Katherine Essex looked like a worried single mother standing on the corner. Her hands were in the pocket of her polyester-lined coat. She wore jeans and brown shoes. She and the other street workers down here don't dress up in tights and leopard skin. They are plain. They are the kind of women rejected by escort services and strip joints, a taxi driver says.

Essex said she commutes to this job from the suburb of Barnaby. She has two girls, 5 and 7. They live with her mother. This is the best work she can find. Essex said she knows about the missing women. She has had her own bad dates. "I ended up with one of the guys. He took me out and put a hood over my head and started strangling me," Essex said. "I pleaded with him and told him I had kids. He had taken me out before and he just let me go."

Now, she said, she only gets in cars with men she has been out with before. Better to get hit by a man she knows than one she doesn't, she said.

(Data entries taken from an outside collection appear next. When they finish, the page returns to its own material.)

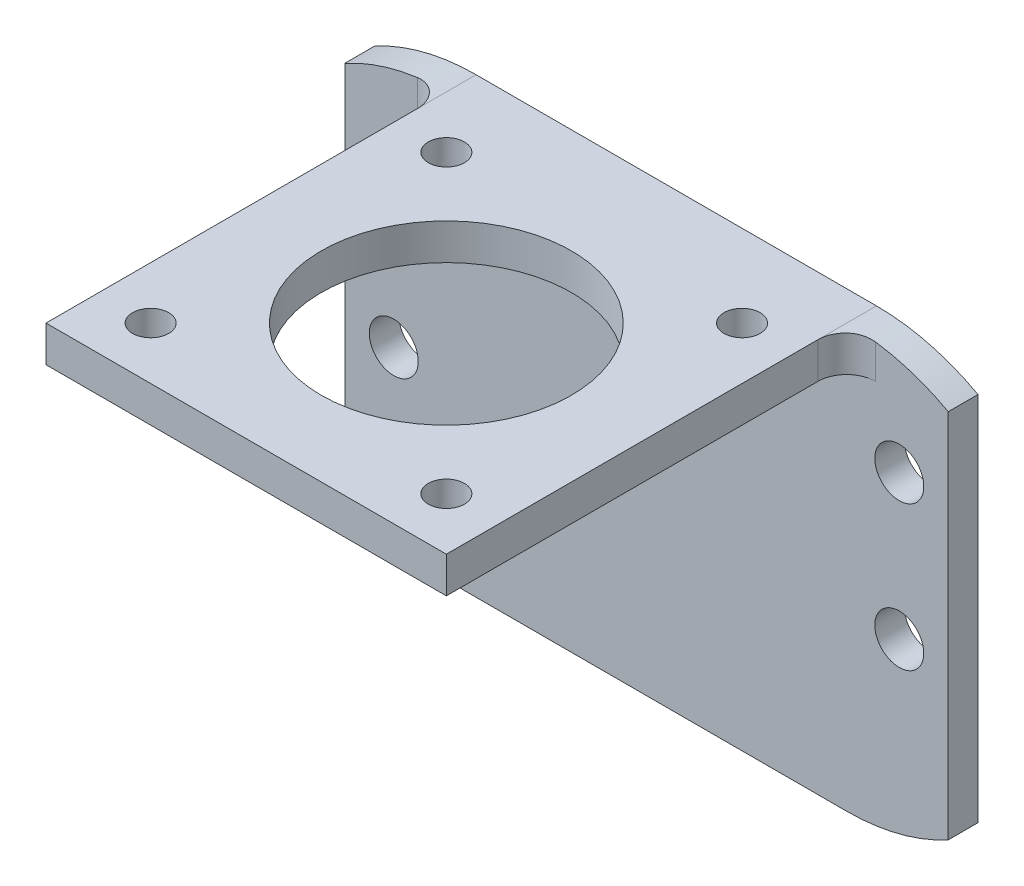
ISO-10303-21;
HEADER;
FILE_DESCRIPTION(('STEP AP214'),'2;1');
FILE_NAME('part.step','',(''),(''),'','','');
FILE_SCHEMA(('AUTOMOTIVE_DESIGN { 1 0 10303 214 1 1 1 1 }'));
ENDSEC;
DATA;
#1=APPLICATION_CONTEXT('core data for automotive mechanical design processes');
#2=APPLICATION_PROTOCOL_DEFINITION('international standard','automotive_design',2000,#1);
#3=PRODUCT_CONTEXT('',#1,'mechanical');
#4=PRODUCT('Part','Part','',(#3));
#5=PRODUCT_RELATED_PRODUCT_CATEGORY('part','',(#4));
#6=PRODUCT_DEFINITION_FORMATION('','',#4);
#7=PRODUCT_DEFINITION_CONTEXT('part definition',#1,'design');
#8=PRODUCT_DEFINITION('design','',#6,#7);
#9=PRODUCT_DEFINITION_SHAPE('','',#8);
#10=(LENGTH_UNIT() NAMED_UNIT(*) SI_UNIT(.MILLI.,.METRE.));
#11=(NAMED_UNIT(*) PLANE_ANGLE_UNIT() SI_UNIT($,.RADIAN.));
#12=(NAMED_UNIT(*) SI_UNIT($,.STERADIAN.) SOLID_ANGLE_UNIT());
#13=UNCERTAINTY_MEASURE_WITH_UNIT(LENGTH_MEASURE(1.E-05),#10,'distance_accuracy_value','');
#14=(GEOMETRIC_REPRESENTATION_CONTEXT(3) GLOBAL_UNCERTAINTY_ASSIGNED_CONTEXT((#13)) GLOBAL_UNIT_ASSIGNED_CONTEXT((#10,
#11,#12)) REPRESENTATION_CONTEXT('',''));
#15=CARTESIAN_POINT('',(0.,0.,0.));
#16=DIRECTION('',(0.,0.,1.));
#17=DIRECTION('',(1.,0.,0.));
#18=AXIS2_PLACEMENT_3D('',#15,#16,#17);
#19=CARTESIAN_POINT('',(-17.6,-34.000000072,-17.6));
#20=DIRECTION('',(0.,0.,1.));
#21=DIRECTION('',(1.,0.,0.));
#22=AXIS2_PLACEMENT_3D('',#19,#20,#21);
#23=PLANE('',#22);
#24=CARTESIAN_POINT('',(22.2228,-18.587500036,-17.6));
#25=DIRECTION('',(0.,0.,-1.));
#26=DIRECTION('',(-1.,0.,0.));
#27=AXIS2_PLACEMENT_3D('',#24,#25,#26);
#28=CIRCLE('',#27,2.15265);
#29=CARTESIAN_POINT('',(20.07015,-18.587500036,-17.6));
#30=VERTEX_POINT('',#29);
#31=EDGE_CURVE('E414',#30,#30,#28,.T.);
#32=ORIENTED_EDGE('',*,*,#31,.T.);
#33=EDGE_LOOP('',(#32));
#34=FACE_BOUND('',#33,.T.);
#35=CARTESIAN_POINT('',(22.2228,-5.887500036,-17.6));
#36=DIRECTION('',(0.,0.,-1.));
#37=DIRECTION('',(-1.,0.,0.));
#38=AXIS2_PLACEMENT_3D('',#35,#36,#37);
#39=CIRCLE('',#38,2.15265);
#40=CARTESIAN_POINT('',(20.07015,-5.887500036,-17.6));
#41=VERTEX_POINT('',#40);
#42=EDGE_CURVE('E395',#41,#41,#39,.T.);
#43=ORIENTED_EDGE('',*,*,#42,.T.);
#44=EDGE_LOOP('',(#43));
#45=FACE_BOUND('',#44,.T.);
#46=CARTESIAN_POINT('',(-22.2228,-18.587500036,-17.6));
#47=DIRECTION('',(0.,0.,1.));
#48=DIRECTION('',(1.,0.,0.));
#49=AXIS2_PLACEMENT_3D('',#46,#47,#48);
#50=CIRCLE('',#49,2.15265);
#51=CARTESIAN_POINT('',(-20.07015,-18.587500036,-17.6));
#52=VERTEX_POINT('',#51);
#53=EDGE_CURVE('E430',#52,#52,#50,.T.);
#54=ORIENTED_EDGE('',*,*,#53,.F.);
#55=EDGE_LOOP('',(#54));
#56=FACE_BOUND('',#55,.T.);
#57=CARTESIAN_POINT('',(-22.2228,-5.887500036,-17.6));
#58=DIRECTION('',(0.,0.,1.));
#59=DIRECTION('',(1.,0.,0.));
#60=AXIS2_PLACEMENT_3D('',#57,#58,#59);
#61=CIRCLE('',#60,2.15265);
#62=CARTESIAN_POINT('',(-20.07015,-5.887500036,-17.6));
#63=VERTEX_POINT('',#62);
#64=EDGE_CURVE('E423',#63,#63,#61,.T.);
#65=ORIENTED_EDGE('',*,*,#64,.F.);
#66=EDGE_LOOP('',(#65));
#67=FACE_BOUND('',#66,.T.);
#68=CARTESIAN_POINT('',(17.6,-15.412500036,-17.6));
#69=DIRECTION('',(0.,0.,-1.));
#70=DIRECTION('',(-1.,0.,0.));
#71=AXIS2_PLACEMENT_3D('',#68,#69,#70);
#72=CIRCLE('',#71,18.587500036);
#73=CARTESIAN_POINT('',(26.5281000000002,-31.7153889817758,-17.6));
#74=VERTEX_POINT('',#73);
#75=CARTESIAN_POINT('',(17.6,-34.000000072,-17.6));
#76=VERTEX_POINT('',#75);
#77=EDGE_CURVE('E164',#74,#76,#72,.T.);
#78=ORIENTED_EDGE('',*,*,#77,.F.);
#79=DIRECTION('',(0.,1.,0.));
#80=VECTOR('',#79,1.);
#81=CARTESIAN_POINT('',(26.5281000000002,-72.739111493604,-17.6));
#82=LINE('',#81,#80);
#83=CARTESIAN_POINT('',(26.5281000000002,0.890388909775759,-17.6));
#84=VERTEX_POINT('',#83);
#85=EDGE_CURVE('E55',#74,#84,#82,.T.);
#86=ORIENTED_EDGE('',*,*,#85,.T.);
#87=CARTESIAN_POINT('',(20.14,3.00063542725829,-17.6));
#88=VERTEX_POINT('',#87);
#89=EDGE_CURVE('E158',#88,#84,#72,.T.);
#90=ORIENTED_EDGE('',*,*,#89,.F.);
#91=DIRECTION('',(0.,1.,0.));
#92=VECTOR('',#91,1.);
#93=CARTESIAN_POINT('',(20.14,-34.000000072,-17.6));
#94=LINE('',#93,#92);
#95=CARTESIAN_POINT('',(20.14,0.,-17.6));
#96=VERTEX_POINT('',#95);
#97=EDGE_CURVE('E269',#88,#96,#94,.F.);
#98=ORIENTED_EDGE('',*,*,#97,.T.);
#99=DIRECTION('',(-1.,0.,0.));
#100=VECTOR('',#99,1.);
#101=CARTESIAN_POINT('',(-17.6,0.,-17.6));
#102=LINE('',#101,#100);
#103=CARTESIAN_POINT('',(-20.14,0.,-17.6));
#104=VERTEX_POINT('',#103);
#105=EDGE_CURVE('E254',#96,#104,#102,.T.);
#106=ORIENTED_EDGE('',*,*,#105,.T.);
#107=DIRECTION('',(0.,1.,0.));
#108=VECTOR('',#107,1.);
#109=CARTESIAN_POINT('',(-20.14,-34.000000072,-17.6));
#110=LINE('',#109,#108);
#111=CARTESIAN_POINT('',(-20.14,3.00063542725829,-17.6));
#112=VERTEX_POINT('',#111);
#113=EDGE_CURVE('E273',#104,#112,#110,.T.);
#114=ORIENTED_EDGE('',*,*,#113,.T.);
#115=CARTESIAN_POINT('',(-17.6,-15.412500036,-17.6));
#116=DIRECTION('',(0.,0.,1.));
#117=DIRECTION('',(1.,0.,0.));
#118=AXIS2_PLACEMENT_3D('',#115,#116,#117);
#119=CIRCLE('',#118,18.587500036);
#120=CARTESIAN_POINT('',(-26.5281000000002,0.890388909775761,-17.6));
#121=VERTEX_POINT('',#120);
#122=EDGE_CURVE('E172',#112,#121,#119,.T.);
#123=ORIENTED_EDGE('',*,*,#122,.T.);
#124=DIRECTION('',(0.,1.,0.));
#125=VECTOR('',#124,1.);
#126=CARTESIAN_POINT('',(-26.5281000000002,-72.739111493604,-17.6));
#127=LINE('',#126,#125);
#128=CARTESIAN_POINT('',(-26.5281000000002,-31.7153889817758,-17.6));
#129=VERTEX_POINT('',#128);
#130=EDGE_CURVE('E151',#129,#121,#127,.T.);
#131=ORIENTED_EDGE('',*,*,#130,.F.);
#132=CARTESIAN_POINT('',(-17.6,-34.000000072,-17.6));
#133=VERTEX_POINT('',#132);
#134=EDGE_CURVE('E162',#129,#133,#119,.T.);
#135=ORIENTED_EDGE('',*,*,#134,.T.);
#136=DIRECTION('',(1.,0.,0.));
#137=VECTOR('',#136,1.);
#138=CARTESIAN_POINT('',(-17.6,-34.000000072,-17.6));
#139=LINE('',#138,#137);
#140=EDGE_CURVE('E182',#133,#76,#139,.T.);
#141=ORIENTED_EDGE('',*,*,#140,.T.);
#142=EDGE_LOOP('',(#78,#86,#90,#98,#106,#114,#123,#131,#135,#141));
#143=FACE_BOUND('',#142,.T.);
#144=ADVANCED_FACE('F39',(#34,#45,#56,#67,#143),#23,.T.);
#145=CARTESIAN_POINT('',(-17.6,-34.000000072,-20.2162));
#146=DIRECTION('',(0.,0.,-1.));
#147=DIRECTION('',(-1.,0.,0.));
#148=AXIS2_PLACEMENT_3D('',#145,#146,#147);
#149=PLANE('',#148);
#150=CARTESIAN_POINT('',(22.2228,-18.587500036,-20.2162));
#151=DIRECTION('',(0.,0.,-1.));
#152=DIRECTION('',(-1.,0.,0.));
#153=AXIS2_PLACEMENT_3D('',#150,#151,#152);
#154=CIRCLE('',#153,2.15265);
#155=CARTESIAN_POINT('',(20.07015,-18.587500036,-20.2162));
#156=VERTEX_POINT('',#155);
#157=EDGE_CURVE('E418',#156,#156,#154,.T.);
#158=ORIENTED_EDGE('',*,*,#157,.F.);
#159=EDGE_LOOP('',(#158));
#160=FACE_BOUND('',#159,.T.);
#161=CARTESIAN_POINT('',(22.2228,-5.887500036,-20.2162));
#162=DIRECTION('',(0.,0.,-1.));
#163=DIRECTION('',(-1.,0.,0.));
#164=AXIS2_PLACEMENT_3D('',#161,#162,#163);
#165=CIRCLE('',#164,2.15265);
#166=CARTESIAN_POINT('',(20.07015,-5.887500036,-20.2162));
#167=VERTEX_POINT('',#166);
#168=EDGE_CURVE('E419',#167,#167,#165,.T.);
#169=ORIENTED_EDGE('',*,*,#168,.F.);
#170=EDGE_LOOP('',(#169));
#171=FACE_BOUND('',#170,.T.);
#172=CARTESIAN_POINT('',(-22.2228,-18.587500036,-20.2162));
#173=DIRECTION('',(0.,0.,-1.));
#174=DIRECTION('',(-1.,0.,0.));
#175=AXIS2_PLACEMENT_3D('',#172,#173,#174);
#176=CIRCLE('',#175,2.15265);
#177=CARTESIAN_POINT('',(-24.37545,-18.587500036,-20.2162));
#178=VERTEX_POINT('',#177);
#179=EDGE_CURVE('E171',#178,#178,#176,.F.);
#180=ORIENTED_EDGE('',*,*,#179,.T.);
#181=EDGE_LOOP('',(#180));
#182=FACE_BOUND('',#181,.T.);
#183=CARTESIAN_POINT('',(-22.2228,-5.887500036,-20.2162));
#184=DIRECTION('',(0.,0.,-1.));
#185=DIRECTION('',(-1.,0.,0.));
#186=AXIS2_PLACEMENT_3D('',#183,#184,#185);
#187=CIRCLE('',#186,2.15265);
#188=CARTESIAN_POINT('',(-24.37545,-5.887500036,-20.2162));
#189=VERTEX_POINT('',#188);
#190=EDGE_CURVE('E434',#189,#189,#187,.F.);
#191=ORIENTED_EDGE('',*,*,#190,.T.);
#192=EDGE_LOOP('',(#191));
#193=FACE_BOUND('',#192,.T.);
#194=CARTESIAN_POINT('',(17.6,-15.412500036,-20.2162));
#195=DIRECTION('',(0.,0.,-1.));
#196=DIRECTION('',(-1.,0.,0.));
#197=AXIS2_PLACEMENT_3D('',#194,#195,#196);
#198=CIRCLE('',#197,18.587500036);
#199=CARTESIAN_POINT('',(17.6,3.175,-20.2162));
#200=VERTEX_POINT('',#199);
#201=CARTESIAN_POINT('',(26.5281000000002,0.890388909775759,-20.2162));
#202=VERTEX_POINT('',#201);
#203=EDGE_CURVE('E149',#200,#202,#198,.T.);
#204=ORIENTED_EDGE('',*,*,#203,.T.);
#205=DIRECTION('',(0.,1.,0.));
#206=VECTOR('',#205,1.);
#207=CARTESIAN_POINT('',(26.5281000000002,-72.739111493604,-20.2162));
#208=LINE('',#207,#206);
#209=CARTESIAN_POINT('',(26.5281000000002,-31.7153889817758,-20.2162));
#210=VERTEX_POINT('',#209);
#211=EDGE_CURVE('E134',#210,#202,#208,.T.);
#212=ORIENTED_EDGE('',*,*,#211,.F.);
#213=CARTESIAN_POINT('',(17.6,-34.000000072,-20.2162));
#214=VERTEX_POINT('',#213);
#215=EDGE_CURVE('E145',#210,#214,#198,.T.);
#216=ORIENTED_EDGE('',*,*,#215,.T.);
#217=DIRECTION('',(-1.,0.,0.));
#218=VECTOR('',#217,1.);
#219=CARTESIAN_POINT('',(-17.6,-34.000000072,-20.2162));
#220=LINE('',#219,#218);
#221=CARTESIAN_POINT('',(-17.6,-34.000000072,-20.2162));
#222=VERTEX_POINT('',#221);
#223=EDGE_CURVE('E188',#214,#222,#220,.T.);
#224=ORIENTED_EDGE('',*,*,#223,.T.);
#225=CARTESIAN_POINT('',(-17.6,-15.412500036,-20.2162));
#226=DIRECTION('',(0.,0.,-1.));
#227=DIRECTION('',(-1.,0.,0.));
#228=AXIS2_PLACEMENT_3D('',#225,#226,#227);
#229=CIRCLE('',#228,18.587500036);
#230=CARTESIAN_POINT('',(-26.5281000000002,-31.7153889817758,-20.2162));
#231=VERTEX_POINT('',#230);
#232=EDGE_CURVE('E176',#231,#222,#229,.F.);
#233=ORIENTED_EDGE('',*,*,#232,.F.);
#234=DIRECTION('',(0.,1.,0.));
#235=VECTOR('',#234,1.);
#236=CARTESIAN_POINT('',(-26.5281000000002,-72.739111493604,-20.2162));
#237=LINE('',#236,#235);
#238=CARTESIAN_POINT('',(-26.5281000000002,0.890388909775761,-20.2162));
#239=VERTEX_POINT('',#238);
#240=EDGE_CURVE('E63',#231,#239,#237,.T.);
#241=ORIENTED_EDGE('',*,*,#240,.T.);
#242=CARTESIAN_POINT('',(-17.6,3.175,-20.2162));
#243=VERTEX_POINT('',#242);
#244=EDGE_CURVE('E177',#243,#239,#229,.F.);
#245=ORIENTED_EDGE('',*,*,#244,.F.);
#246=DIRECTION('',(-1.,0.,0.));
#247=VECTOR('',#246,1.);
#248=CARTESIAN_POINT('',(-17.6,3.175,-20.2162));
#249=LINE('',#248,#247);
#250=EDGE_CURVE('E181',#200,#243,#249,.T.);
#251=ORIENTED_EDGE('',*,*,#250,.F.);
#252=EDGE_LOOP('',(#204,#212,#216,#224,#233,#241,#245,#251));
#253=FACE_BOUND('',#252,.T.);
#254=ADVANCED_FACE('F143',(#160,#171,#182,#193,#253),#149,.T.);
#255=CARTESIAN_POINT('',(17.6,-15.412500036,-61.7791136122758));
#256=DIRECTION('',(0.,0.,1.));
#257=DIRECTION('',(1.,0.,0.));
#258=AXIS2_PLACEMENT_3D('',#255,#256,#257);
#259=CYLINDRICAL_SURFACE('',#258,18.587500036);
#260=DIRECTION('',(0.,0.,1.));
#261=VECTOR('',#260,1.);
#262=CARTESIAN_POINT('',(26.5281000000002,0.890388909775759,-61.7791136122758));
#263=LINE('',#262,#261);
#264=EDGE_CURVE('E11',#202,#84,#263,.T.);
#265=ORIENTED_EDGE('',*,*,#264,.F.);
#266=ORIENTED_EDGE('',*,*,#203,.F.);
#267=DIRECTION('',(0.,0.,1.));
#268=VECTOR('',#267,1.);
#269=CARTESIAN_POINT('',(17.6,3.175,-61.7791136122758));
#270=LINE('',#269,#268);
#271=CARTESIAN_POINT('',(17.6,3.175,-15.06));
#272=VERTEX_POINT('',#271);
#273=EDGE_CURVE('E168',#200,#272,#270,.T.);
#274=ORIENTED_EDGE('',*,*,#273,.T.);
#275=CARTESIAN_POINT('',(17.6,3.175,-15.06));
#276=CARTESIAN_POINT('',(17.5999931612362,3.17499693402641,-15.1314284172821));
#277=CARTESIAN_POINT('',(17.6030129793054,3.17499991997307,-15.2028535891198));
#278=CARTESIAN_POINT('',(17.6150530030966,3.17499569036358,-15.3451931400053));
#279=CARTESIAN_POINT('',(17.6240729257152,3.17498847528872,-15.4161075429933));
#280=CARTESIAN_POINT('',(17.6480515684337,3.17494155918318,-15.5568771701242));
#281=CARTESIAN_POINT('',(17.6630059890529,3.17490188164914,-15.6267331231476));
#282=CARTESIAN_POINT('',(17.698732316112,3.17474627704112,-15.7649200925291));
#283=CARTESIAN_POINT('',(17.7195041514546,3.17463035089897,-15.8332511275129));
#284=CARTESIAN_POINT('',(17.790378480981,3.17408607437965,-16.0352990115704));
#285=CARTESIAN_POINT('',(17.8490493592747,3.1734612891385,-16.1661264688547));
#286=CARTESIAN_POINT('',(17.9874767653926,3.17108887635561,-16.4159742418495));
#287=CARTESIAN_POINT('',(18.0672296398086,3.16934144328832,-16.5349965984169));
#288=CARTESIAN_POINT('',(18.2454940723609,3.16400177839637,-16.7578757419865));
#289=CARTESIAN_POINT('',(18.3439907594898,3.16041100523662,-16.8617444369928));
#290=CARTESIAN_POINT('',(18.5569498439056,3.15065537320439,-17.0514544234255));
#291=CARTESIAN_POINT('',(18.671414111685,3.1444902125912,-17.1372935998615));
#292=CARTESIAN_POINT('',(18.9125648468889,3.12899047816642,-17.288269162323));
#293=CARTESIAN_POINT('',(19.0392124257262,3.11966576391962,-17.3534687457287));
#294=CARTESIAN_POINT('',(19.3013252301638,3.09744066044685,-17.4617294221921));
#295=CARTESIAN_POINT('',(19.4367863982222,3.08454190782432,-17.5048006224497));
#296=CARTESIAN_POINT('',(19.6675262789357,3.05989129153794,-17.5574927622084));
#297=CARTESIAN_POINT('',(19.7615190081297,3.04913473893987,-17.573439843806));
#298=CARTESIAN_POINT('',(19.9503650862469,3.02604854916415,-17.5946929096138));
#299=CARTESIAN_POINT('',(20.0452169377388,3.01372128881368,-17.6000147733838));
#300=CARTESIAN_POINT('',(20.14,3.0006354272583,-17.6));
#301=B_SPLINE_CURVE_WITH_KNOTS('',3,(#275,#276,#277,#278,#279,#280,#281,#282,#283,#284,#285,
#286,#287,#288,#289,#290,#291,#292,#293,#294,#295,#296,#297,#298,#299,#300),.UNSPECIFIED.,.F.,
.F.,(4,2,2,2,2,2,2,2,2,2,2,2,4),(0.,0.21421558472874,0.42842106281944,0.642471633810544,
0.856519588907374,1.28444771401514,1.71230172980808,2.13981769847853,2.56738378983021,
2.99362774053708,3.41967682967415,3.706929625535,3.99375279512196),.UNSPECIFIED.);
#302=EDGE_CURVE('E369',#272,#88,#301,.T.);
#303=ORIENTED_EDGE('',*,*,#302,.T.);
#304=ORIENTED_EDGE('',*,*,#89,.T.);
#305=EDGE_LOOP('',(#265,#266,#274,#303,#304));
#306=FACE_BOUND('',#305,.T.);
#307=ADVANCED_FACE('F306',(#306),#259,.T.);
#308=DIRECTION('',(0.,0.,1.));
#309=VECTOR('',#308,1.);
#310=CARTESIAN_POINT('',(26.5281000000002,-31.7153889817758,-61.7791136122758));
#311=LINE('',#310,#309);
#312=EDGE_CURVE('E49',#74,#210,#311,.F.);
#313=ORIENTED_EDGE('',*,*,#312,.F.);
#314=ORIENTED_EDGE('',*,*,#77,.T.);
#315=DIRECTION('',(0.,0.,-1.));
#316=VECTOR('',#315,1.);
#317=CARTESIAN_POINT('',(17.6,-34.000000072,-17.6));
#318=LINE('',#317,#316);
#319=EDGE_CURVE('E156',#76,#214,#318,.T.);
#320=ORIENTED_EDGE('',*,*,#319,.T.);
#321=ORIENTED_EDGE('',*,*,#215,.F.);
#322=EDGE_LOOP('',(#313,#314,#320,#321));
#323=FACE_BOUND('',#322,.T.);
#324=ADVANCED_FACE('F154',(#323),#259,.T.);
#325=CARTESIAN_POINT('',(-17.6,-15.412500036,-61.7791136122758));
#326=DIRECTION('',(0.,0.,1.));
#327=DIRECTION('',(1.,0.,0.));
#328=AXIS2_PLACEMENT_3D('',#325,#326,#327);
#329=CYLINDRICAL_SURFACE('',#328,18.587500036);
#330=DIRECTION('',(0.,0.,1.));
#331=VECTOR('',#330,1.);
#332=CARTESIAN_POINT('',(-26.5281000000002,0.890388909775759,-61.7791136122758));
#333=LINE('',#332,#331);
#334=EDGE_CURVE('E140',#121,#239,#333,.F.);
#335=ORIENTED_EDGE('',*,*,#334,.F.);
#336=ORIENTED_EDGE('',*,*,#122,.F.);
#337=CARTESIAN_POINT('',(-20.14,3.00063542725829,-17.6));
#338=CARTESIAN_POINT('',(-20.0692924553346,3.01039313748778,-17.6000069827787));
#339=CARTESIAN_POINT('',(-19.9985286608016,3.01973573326216,-17.5970474692984));
#340=CARTESIAN_POINT('',(-19.857385702153,3.03755116012512,-17.5852199448435));
#341=CARTESIAN_POINT('',(-19.7870065428358,3.04602398038619,-17.5763518603256));
#342=CARTESIAN_POINT('',(-19.6471751542577,3.06205510170126,-17.5527390160558));
#343=CARTESIAN_POINT('',(-19.5777223770742,3.06961396680143,-17.5379979052133));
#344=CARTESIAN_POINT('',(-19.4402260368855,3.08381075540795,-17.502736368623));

Ann Bravo stood down the street. Her mouth runs a mile a minute. She said all the women are petrified. Women are disappearing. A friend went to look for a friend and there was no sign of her. "She didn't open her Christmas presents and she didn't open her welfare check," Bravo said.

"Nobody cares," she continued. "Nobody does anything about it. Is this just one guy? Can one guy do such a horrible massacre?"

Her mouth moved fast. She kept turning, looking for customers. "These women were women just like us, except they are not as smart because they are dead."

It was still raining in Vancouver, a consistent rain. The streets were getting washed. One of the posters of the missing women slipped from the building upon which it was pasted. Inside her office, Mearns hung up a revised list of the bad dates next to the poster of 49 missing women.